„Ich liebe meine Familie und Golf. Ich bin glücklich, dass mein Leben schlicht ist.“ Nein, das hat nicht Prinz Harry gesagt. Sondern der walisische Fußballer Gereth Bale, der gerade das Ende seiner durchwachsenen, aber gut bezahlten Karriere verkündet hat. Ein Satz, dem ich mich gerne anschließe.

Im Gegensatz zu den Erlebnissen, die Harry gerade zum Besten gibt und die „Der Spiegel“ so wunderbar als „Verhengstung“ bezeichnet hat. Will ich, dass alle Welt so tief in mein Leben Einblick hat? 

Die meisten von uns werden sich dieser Frage nicht stellen müssen, da wir alle nicht berühmt genug sind. Und auch nicht verpeilt genug. Aber die Frage stellt sich natürlich im Berufsalltag sehr wohl: Welches Bild von mir will ich erzeugen und wie viel Privatheit gebe ich preis? Oder noch weitergesponnen: Als wer möchte ich in Erinnerung bleiben, was ist mein Lebensziel?

Natürlich gibt es Harrys in jeder Firma. Menschen, die einem in der Teeküche Dinge erzählen, die man nicht wissen will. Und erwarten, dass man ebenso mitteilungsbedürftig ist. Es gibt aber auch die ganz anderen. Ich erinnere mich an eine frühere Mitarbeiterin, die ihre baldige Heirat verkündete, aber allen Kollegen eindringlich verbot, am Tag der Hochzeit auch nur in die Nähe des Standesamtes zu kommen. Oder einen Abteilungsleiter, der seine Mitarbeiter morgens nie grüßte. Seine erste Äußerung war zumeist ein Anschnauzer. 

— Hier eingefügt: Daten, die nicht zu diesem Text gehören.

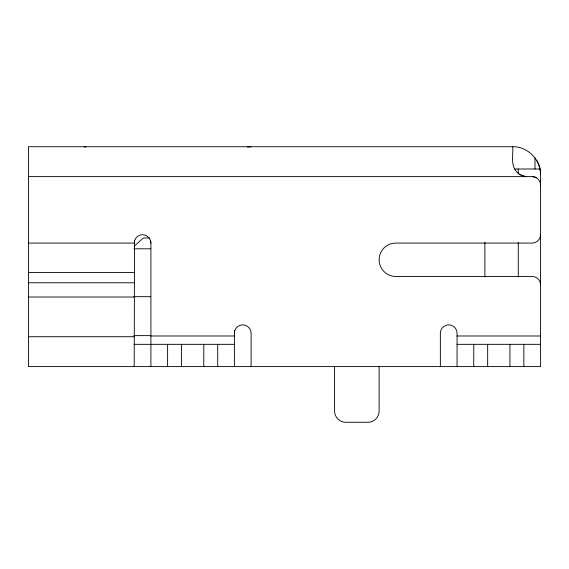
<?xml version="1.0" encoding="UTF-8"?>
<svg xmlns="http://www.w3.org/2000/svg" width="569" height="569" viewBox="0 0 569 569"><rect width="100%" height="100%" fill="white"/><g stroke="black" fill="none" stroke-linecap="round" stroke-linejoin="round"><path stroke-width="0.85" d="M134.497 240.915L134.213 366.6M134.071 246.334L143.274 238.013L149.348 238.013M247.565 147.087L251.1 146.731M512.719 146.731L28.45 146.731L28.45 366.6L540.55 366.6L540.55 174.562C540.863 159.69 527.598 146.418 512.719 146.731C513.416 154.917 510.301 165.166 516.737 171.888C519.305 174.626 522.89 176.34 526.631 176.618A14.958 14.929 0 0 1 519.604 174.278M514.639 169L539.924 169M28.45 176.618L532.2 176.618A8.336 8.315 0 0 1 535.393 177.258L536.375 177.741M28.45 243.077L134.213 243.077A8.35 8.35 0 0 1 142.556 234.727A8.35 8.35 0 0 1 150.906 243.077L150.906 366.6M133.815 248.788L150.664 248.788M28.45 272.451L134.213 272.451M28.45 282.772L134.213 282.772M133.815 296.662L150.664 296.662M28.45 297.025L134.213 297.025M133.815 335.625L150.664 335.625M150.906 335.987L234.407 335.987M457.056 335.987L540.55 335.987M28.45 336.72L134.213 336.72M133.928 344.337L234.407 344.337M457.056 344.337L540.55 344.337M84.112 146.731L85.855 147.079M150.621 240.915L150.906 243.077M534.981 157.898L534.981 169M523.85 344.337L523.85 366.6M518.288 169L518.288 173.936M518.288 242.444L518.288 276.861M509.938 344.337L509.938 366.6M487.669 344.337L487.669 366.6M484.888 242.337L484.888 276.954M473.757 344.337L473.757 366.6M457.056 366.6L457.056 333.206A8.35 8.35 0 0 0 448.706 324.856A8.35 8.35 0 0 0 440.356 333.206L440.356 366.6M379.125 366.6L379.125 411.131C379.253 417.084 373.947 422.39 367.994 422.269L345.732 422.269C339.778 422.39 334.472 417.084 334.593 411.131L334.593 366.6M251.1 366.6L251.1 333.206A8.35 8.35 0 0 0 242.75 324.856A8.35 8.35 0 0 0 234.407 333.206M234.407 330.639L234.407 366.6M217.707 344.337L217.707 366.6M203.787 344.337L203.787 366.6M181.525 344.337L181.525 366.6M167.606 344.337L167.606 366.6M536.823 160.65A27.831 27.831 0 0 1 540.55 174.562M540.55 234.727A8.35 8.35 0 0 1 532.2 243.077L395.825 243.077A16.7 16.7 0 0 0 379.125 259.777A16.7 16.7 0 0 0 395.825 276.477L532.2 276.477A8.35 8.35 0 0 1 540.55 284.827M532.2 176.618A8.35 8.35 0 0 1 540.55 184.968"/></g></svg>
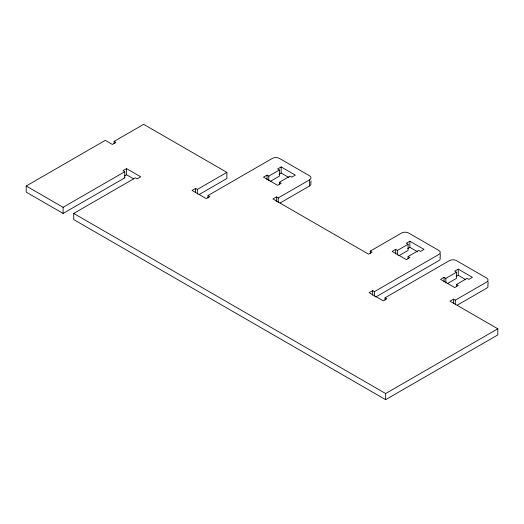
<?xml version="1.0" encoding="UTF-8"?>
<svg xmlns="http://www.w3.org/2000/svg" width="524" height="524" viewBox="0 0 524 524"><rect width="100%" height="100%" fill="white"/><g stroke="black" fill="none" stroke-linecap="round" stroke-linejoin="round"><path stroke-width="0.79" d="M385.061 300.082L385.061 297.783L449.402 260.638A5.011 2.889 0 0 1 456.483 260.638L486.586 278.015A5.011 2.889 0 0 1 486.586 282.102L455.304 300.167L453.529 299.145L449.992 301.189L497.8 328.79L497.8 334.928L385.651 399.668L73.714 219.576L73.714 213.438L135.395 177.833L137.164 178.854L140.707 176.811L126.539 168.63L122.996 170.673L124.771 171.695L124.771 177.833L63.09 213.438L26.2 192.144L26.2 186.007L105.291 140.347L112.372 144.434L115.915 142.39L114.147 141.369L114.147 143.668M114.147 141.369L143.655 124.332L226.879 172.376L226.879 178.514L199.212 194.483M26.2 186.007L63.09 207.308L124.771 171.695M124.548 175.913L126.539 174.761L133.62 178.854M226.879 172.376L197.365 189.413L195.596 188.391L192.053 190.435L206.22 198.616L209.764 196.572L207.995 195.55L207.995 197.849M207.995 195.55L272.329 158.405A5.011 2.889 0 0 1 279.41 158.405L309.514 175.782A5.011 2.889 0 0 1 309.514 179.876L309.514 186.007L280.183 202.939M270.201 181.442L279.41 176.123L279.41 169.992L268.786 176.123L267.017 175.101L263.474 177.145L277.641 185.326L281.178 183.282L279.41 182.26L279.41 184.559M279.41 182.26L290.034 176.123L291.809 177.145L295.346 175.101L281.178 166.927L277.641 168.97L279.41 169.992M279.056 174.282L281.178 173.058L288.973 177.557M309.514 179.876L278.231 197.934L276.462 196.913L272.919 198.956L368.536 254.16L372.079 252.116L370.304 251.094L370.304 253.393M370.304 251.094L401.587 233.036A5.011 2.889 0 0 1 408.674 233.036L438.778 250.413A5.011 2.889 0 0 1 438.778 254.5L374.437 291.645L372.669 290.623L369.125 292.667L383.293 300.848L386.836 298.804L385.061 297.783M398.875 255.732L408.085 250.413L408.085 244.282L397.461 250.413L395.686 249.391L392.149 251.435L406.31 259.616L409.853 257.572L408.085 256.55L408.085 258.849M408.085 256.55L418.709 250.413L420.477 251.435L424.021 249.391L409.853 241.21L406.31 243.26L408.085 244.282M407.731 248.573L409.853 247.348L417.648 251.847M375.78 297.01L438.778 260.638A5.011 2.889 0 0 0 439.833 257.441M447.273 283.674L456.483 278.355L456.483 272.225L445.859 278.355L444.09 277.334L440.546 279.377L454.714 287.558L458.251 285.514L456.483 284.493L456.483 286.792M456.483 284.493L467.107 278.355L468.875 279.377L472.419 277.334L458.251 269.153L454.714 271.203L456.483 272.225M456.129 276.515L458.251 275.29L465.338 279.377M457.256 305.171L486.586 288.239A5.011 2.889 0 0 0 487.641 285.043M73.714 213.438L385.651 393.537L497.8 328.79M124.214 177.512L124.771 177.833M488.054 281.591L488.054 284.663M458.251 269.153L458.251 275.29M455.304 300.167L455.304 304.765M453.529 299.145L453.529 303.743M445.859 278.355L445.859 282.96M444.09 277.334L444.09 281.932M440.245 253.989L440.245 257.061M409.853 241.21L409.853 247.348M397.461 250.413L397.461 255.011M395.686 249.391L395.686 253.989M385.651 393.537L385.651 399.668M374.437 291.645L374.437 296.25M372.669 290.623L372.669 295.222M310.981 180.898L310.981 182.431M281.178 166.927L281.178 173.058M278.231 197.934L278.231 202.533M276.462 196.913L276.462 201.511M268.786 176.123L268.786 180.728M267.017 175.101L267.017 179.706M197.365 189.413L197.365 194.018M195.596 188.391L195.596 192.229M126.539 168.63L126.539 174.761M63.09 207.308L63.09 213.438M310.568 182.817A5.011 2.889 0 0 1 309.514 186.007"/></g></svg>

Der damalige Karstadt-Chef Thomas Middelhoff legte die 123 km von seinem Wohnort Gütersloh zur Zentrale in Essen grundsätzlich mit dem Hubschrauber zurück, weil er auf der Autobahn zu viel Zeit verlieren würde. Ich habe einmal mit einem Unternehmensberater gesprochen, der ständig unterwegs und so zum Millionär geworden war. In einem sentimentalen Moment gestand er, dass er vom Aufwachsen seiner Kinder nichts mitbekommen hatte. In einem Beratungsprojekt vor einigen Jahren sprach ich mit jemandem konkret darüber, dass er demnächst eine Abteilungsleitung übernehmen könne. Diese Idee wies er empört zurück. Er wolle seine Zeit lieber anders verbringen als mit noch mehr Arbeit.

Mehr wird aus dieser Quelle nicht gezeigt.